Single-level discrete 3-D wavelet transform

## Syntax

WT = dwt3(X,'wname')
WT = dwt3(X,'wname','mode','ExtM')
WT = dwt3(X,W,...)
WT = dwt3(X,WF,...)

## Description

dwt3 performs a single-level three-dimensional wavelet decomposition using either a particular wavelet ('wname') or the wavelet decomposition and reconstruction filters you specify. The decomposition also uses the specified DWT extension mode (see dwtmode).

WT = dwt3(X,'wname') returns the 3-D wavelet transform of the 3-D array X. 'wname' is a string containing the wavelet name. The default extension mode is 'sym'. For more information on wname, see wfilters.

WT = dwt3(X,'wname','mode','ExtM') uses the extension mode 'ExtM'.

WT is a structure with the following fields shown in the table.

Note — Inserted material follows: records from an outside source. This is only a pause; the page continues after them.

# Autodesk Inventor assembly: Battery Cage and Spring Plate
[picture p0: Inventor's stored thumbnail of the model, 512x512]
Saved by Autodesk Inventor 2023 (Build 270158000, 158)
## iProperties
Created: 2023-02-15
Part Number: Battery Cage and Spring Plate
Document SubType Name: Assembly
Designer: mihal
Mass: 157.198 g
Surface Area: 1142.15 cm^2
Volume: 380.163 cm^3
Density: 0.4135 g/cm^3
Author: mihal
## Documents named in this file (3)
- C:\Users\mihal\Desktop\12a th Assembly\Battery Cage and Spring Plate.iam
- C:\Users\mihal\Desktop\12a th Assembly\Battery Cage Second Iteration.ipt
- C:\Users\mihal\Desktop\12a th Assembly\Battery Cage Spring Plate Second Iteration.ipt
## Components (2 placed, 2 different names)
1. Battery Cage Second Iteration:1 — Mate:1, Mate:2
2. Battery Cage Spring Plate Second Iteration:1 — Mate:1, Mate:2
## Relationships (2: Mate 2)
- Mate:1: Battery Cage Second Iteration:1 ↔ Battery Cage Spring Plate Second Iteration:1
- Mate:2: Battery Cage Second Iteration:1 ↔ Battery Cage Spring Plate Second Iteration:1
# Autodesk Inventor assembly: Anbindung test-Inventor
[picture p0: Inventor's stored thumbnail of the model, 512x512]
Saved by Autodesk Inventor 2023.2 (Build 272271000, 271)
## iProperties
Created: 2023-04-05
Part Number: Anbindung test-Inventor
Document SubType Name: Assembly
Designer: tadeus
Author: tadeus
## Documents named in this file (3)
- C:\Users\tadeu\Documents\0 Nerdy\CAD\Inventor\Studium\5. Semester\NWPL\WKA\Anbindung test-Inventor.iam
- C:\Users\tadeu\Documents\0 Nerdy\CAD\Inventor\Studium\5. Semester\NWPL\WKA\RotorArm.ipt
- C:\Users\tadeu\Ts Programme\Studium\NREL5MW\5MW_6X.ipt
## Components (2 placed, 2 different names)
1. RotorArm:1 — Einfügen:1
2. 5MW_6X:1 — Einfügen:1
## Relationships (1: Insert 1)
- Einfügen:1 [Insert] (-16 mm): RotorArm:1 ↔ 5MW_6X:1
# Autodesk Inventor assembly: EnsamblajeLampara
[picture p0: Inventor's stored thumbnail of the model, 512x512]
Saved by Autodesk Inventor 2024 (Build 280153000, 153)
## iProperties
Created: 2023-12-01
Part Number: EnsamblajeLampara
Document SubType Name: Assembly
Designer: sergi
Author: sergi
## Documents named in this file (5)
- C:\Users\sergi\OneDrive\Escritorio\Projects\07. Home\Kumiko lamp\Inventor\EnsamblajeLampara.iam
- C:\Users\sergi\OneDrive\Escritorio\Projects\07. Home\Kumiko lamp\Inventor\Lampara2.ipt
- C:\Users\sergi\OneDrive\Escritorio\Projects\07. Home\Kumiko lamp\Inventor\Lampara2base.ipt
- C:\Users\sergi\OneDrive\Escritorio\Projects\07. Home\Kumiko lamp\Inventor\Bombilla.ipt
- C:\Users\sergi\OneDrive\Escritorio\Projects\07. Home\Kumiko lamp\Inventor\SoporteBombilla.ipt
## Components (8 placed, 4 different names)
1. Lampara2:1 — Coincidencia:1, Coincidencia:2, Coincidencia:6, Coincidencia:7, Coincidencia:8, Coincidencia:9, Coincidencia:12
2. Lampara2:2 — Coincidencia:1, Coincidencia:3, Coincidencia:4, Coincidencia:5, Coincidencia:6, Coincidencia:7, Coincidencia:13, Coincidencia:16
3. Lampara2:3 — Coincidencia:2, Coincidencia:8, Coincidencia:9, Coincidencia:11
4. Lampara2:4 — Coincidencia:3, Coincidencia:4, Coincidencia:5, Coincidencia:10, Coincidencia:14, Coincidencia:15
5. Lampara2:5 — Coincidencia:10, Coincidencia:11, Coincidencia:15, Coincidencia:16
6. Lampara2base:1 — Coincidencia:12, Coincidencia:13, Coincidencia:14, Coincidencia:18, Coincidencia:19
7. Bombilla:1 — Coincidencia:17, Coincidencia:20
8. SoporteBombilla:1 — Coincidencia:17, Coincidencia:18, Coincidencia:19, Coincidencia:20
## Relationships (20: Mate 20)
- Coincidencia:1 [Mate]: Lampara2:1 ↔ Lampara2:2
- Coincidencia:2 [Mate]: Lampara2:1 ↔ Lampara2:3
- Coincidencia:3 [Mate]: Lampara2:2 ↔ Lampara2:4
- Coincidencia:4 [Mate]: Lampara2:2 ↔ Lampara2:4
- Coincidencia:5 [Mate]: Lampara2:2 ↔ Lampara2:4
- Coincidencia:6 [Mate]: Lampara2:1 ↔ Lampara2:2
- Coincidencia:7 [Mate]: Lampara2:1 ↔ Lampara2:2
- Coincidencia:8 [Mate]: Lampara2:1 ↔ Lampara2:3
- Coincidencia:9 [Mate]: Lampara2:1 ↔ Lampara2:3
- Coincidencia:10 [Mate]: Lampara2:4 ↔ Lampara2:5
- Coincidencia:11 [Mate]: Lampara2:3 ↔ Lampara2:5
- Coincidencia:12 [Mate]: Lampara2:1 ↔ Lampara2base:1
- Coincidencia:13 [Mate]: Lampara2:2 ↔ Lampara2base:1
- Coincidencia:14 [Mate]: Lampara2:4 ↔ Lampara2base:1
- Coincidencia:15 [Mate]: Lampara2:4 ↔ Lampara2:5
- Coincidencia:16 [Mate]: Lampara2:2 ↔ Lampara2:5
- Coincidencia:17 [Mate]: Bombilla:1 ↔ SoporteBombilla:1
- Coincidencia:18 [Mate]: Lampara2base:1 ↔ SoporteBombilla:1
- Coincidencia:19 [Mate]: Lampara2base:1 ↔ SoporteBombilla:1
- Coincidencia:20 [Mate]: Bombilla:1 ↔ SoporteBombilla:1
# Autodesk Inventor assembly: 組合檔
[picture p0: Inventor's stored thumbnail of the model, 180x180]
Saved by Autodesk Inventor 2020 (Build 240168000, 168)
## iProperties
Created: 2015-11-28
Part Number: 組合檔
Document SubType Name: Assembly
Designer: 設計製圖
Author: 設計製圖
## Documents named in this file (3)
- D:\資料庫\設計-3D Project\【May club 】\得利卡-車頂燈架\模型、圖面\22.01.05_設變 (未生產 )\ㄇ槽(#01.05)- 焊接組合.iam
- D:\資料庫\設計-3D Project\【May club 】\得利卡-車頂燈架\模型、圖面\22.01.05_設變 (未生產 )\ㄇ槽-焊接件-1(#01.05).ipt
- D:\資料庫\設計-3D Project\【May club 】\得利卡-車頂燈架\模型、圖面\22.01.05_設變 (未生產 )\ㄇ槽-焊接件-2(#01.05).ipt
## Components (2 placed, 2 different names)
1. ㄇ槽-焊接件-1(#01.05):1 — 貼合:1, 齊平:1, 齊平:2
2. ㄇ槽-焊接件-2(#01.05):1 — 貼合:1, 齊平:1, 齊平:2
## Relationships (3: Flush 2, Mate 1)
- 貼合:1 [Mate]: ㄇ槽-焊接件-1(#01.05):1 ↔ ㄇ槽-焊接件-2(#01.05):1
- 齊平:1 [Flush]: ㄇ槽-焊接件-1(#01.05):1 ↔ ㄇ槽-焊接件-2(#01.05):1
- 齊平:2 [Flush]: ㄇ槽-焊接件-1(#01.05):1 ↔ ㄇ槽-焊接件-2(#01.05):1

 sizeINI Size of the three-dimensional array X. mode Name of the wavelet transform extension mode. filters Structure with four fields: LoD, HiD, LoR, HiR, which are the filters used for DWT. dec 2 x 2 x 2 cell array containing the coefficients of the decomposition.dec{i,j,k}, i,j,k = 1 or 2 contains the coefficients obtained by low-pass filtering (for i or j or k = 1) or high-pass filtering (for i or j or k = 2)

WT = dwt3(X,W,...) specify three wavelets, one for each direction. W = {'wname1','wname2','wname3'} or W is a structure with 3 fields 'w1', 'w2', 'w3' containing strings that are the names of wavelets.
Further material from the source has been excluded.